# think about



## Evito

Si può usare "pensare a" e "pensare di" per trasdurre "think about"?

I'm thinking about you: Sto pensando a te.
I have to think about it: Devo pensarne (???)


----------



## att3ras

Evito said:


> Si può usare "pensare a" e "pensare di" per trasdurre "think about"?
> 
> I'm thinking about you: Sto pensando a te.
> I have to think about it: Devo pensarne (???)


   Devo pensarci


----------



## saia

Evito said:


> Si può usare "pensare a"  e "pensare di" ( it depends on the context) per tradurre "think about"?
> 
> I'm thinking about you: Sto pensando a te.
> I have to think about it: Devo pensare a riguardo.(???)


----------



## arirossa

I have to think about it: Devo pensarci/devo pensarci su.


----------



## virgilio

I am open to correction but I - as a non-Italian - would say:
pensare a qualcosa = to turn your thoughts to, to dwell upon (something)
pensarci sopra - to think it over
pensare di qualcosa - to have an opinion about something.
e.g.
Ecco la mia nuova macchina. Cosa ne pensi?
That's my new car.    What do think (about it)? - How do you like it?

Virgilio


----------



## TT ZNJU

Things are quite simple... Let me explain my bilingual point of view, if I can:
pensare a (+ noun or -ing verb) = "think of, think about"
pensare di (+ verb only) = "think to" but see ex. below because "to" only fits in grammar books for general expressions, whereas in spoken language subject+verb+same subject+verb is most usual.
Ex. I am thinking of you now, I am thinking about going away from here; I think I am a good translator.
Got it?


----------



## virgilio

TT ZNJU,
            Re your:" pensare di (+ verb only) = "think to"
 May I make two corrections:
(1) I assume that by  (+ verb only) you mean (+ infinito only).
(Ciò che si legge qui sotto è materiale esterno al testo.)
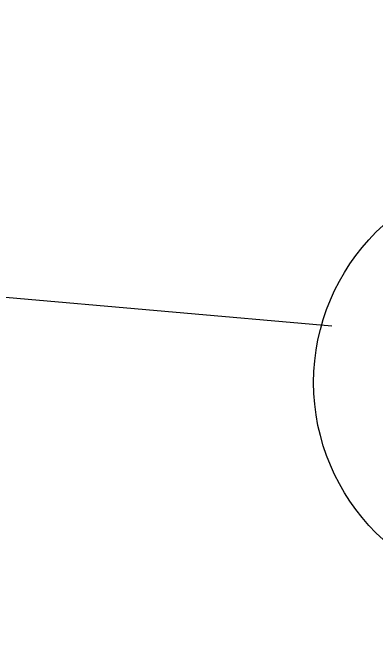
# Model space of a CAD drawing. Header units: inches. Extents: x 191440 to 383551, y 141400 to 284946.
# Drawn here: x 191697.211 to 191697.58, y 141505.332 to 141505.975 of the extents above; entities that cross this region are included whole.
import ezdxf

# ---------------------------------------------------------------- set-up
doc = ezdxf.new("R2010")
doc.units = ezdxf.units.IN
doc.header["$MEASUREMENT"] = 0
doc.layers.add('Sanitary', color=6, linetype='Continuous')
doc.styles.add('ROMANS', font='romans', dxfattribs={"height": 1})
doc.dimstyles.new('osama', dxfattribs={"dimtxt": 50, "dimasz": 45, "dimexe": 0.18, "dimexo": 0.0625, "dimgap": 0.2, "dimtad": 0, "dimdec": 0, "dimzin": 0, "dimdsep": 46, "dimtxsty": 'ROMANS', "dimcen": 0, "dimse1": 1, "dimse2": 1, "dimclrd": 3, "dimclre": 3, "dimclrt": 5, "dimadec": 0, "dimazin": 0, "dimtfac": 0.6, "dimtdec": 0, "dimtmove": 2, "dimatfit": 3, "dimfxl": 1, "dimtolj": 1, "dimtzin": 0, "dimarcsym": 0})

msp = doc.modelspace()

# ---------------------------------------------------------------- linework, layer by layer
at = {"color": 6, "elevation": -678.405}
msp.add_lwpolyline([(191697.53508, 141505.65664), (191694.37777, 141505.93286), (191694.61018, 141508.58937), (191674.25395, 141510.37031)], dxfattribs=at)
for centre, radius in [((191696.53062, 141505.72788, -678.405), 1.75781), ((191697.73249, 141505.59937, -678.405), 0.21583)]:
    msp.add_circle(centre, radius)

# ---------------------------------------------------------------- leaders
at = {"layer": 'Sanitary', "ltscale": 0.5}
msp.add_leader([(191675.38954, 141510.27096, -678.405), (191675.70914, 141509.2026, -678.405), (191676.17237, 141509.16208, -678.405)], dimstyle='osama', override={"dimasz": 100, "dimgap": 0.09}, dxfattribs=at)

doc.saveas('drawing.dxf')

If so, infinitives are not actually verbs but substantives - in Italian they are masculine substantives. e.g. Mi piace molto il leggere. 
(2) "think to" as a translation of "pensare di" is indeed correct English but is quite erudite (all the better for that, of course) and would never be heard in conversation nowadays, except from the lips of educated and well-read people - and such folks are a bit thin on the ground these days in the UK.

Best wishes
Virgilio


----------



## Evito

Could anyone give an example of a sentence in English with "think to"? I'm not sure I know what it means


----------



## virgilio

Evito,
       Come ho scritto sopra suonerebbe oggi molto erudito e non si sentirebbe che dalle labbra di persone educate ed abituate a leggere la letteratura di qualche secolo fa. Ecco  un esempio:
"Thinking to confound me with long words, the fellow embarked on an elaborate and convoluted period of which Cicero himself would have been proud".
Credendo di sconcertarmi con parole lunghe,.......(nel senso di "credendo che mi avrebbe sconcertato....")

Virgilio


----------



## Evito

Is this any different from a snooker commentator saying "Well, judging from the way he's lining up for the shot he must be *thinking to* bring the black into play here with a hard screw shot"?


----------



## Flaviano Martello

Evito said:


> Is this any different from a snooker commentator saying "Well, judging from the way he's lining up for the shot he must be *thinking to* bring the black into play here with a hard screw shot"?



Actually I think they are the same use of think to.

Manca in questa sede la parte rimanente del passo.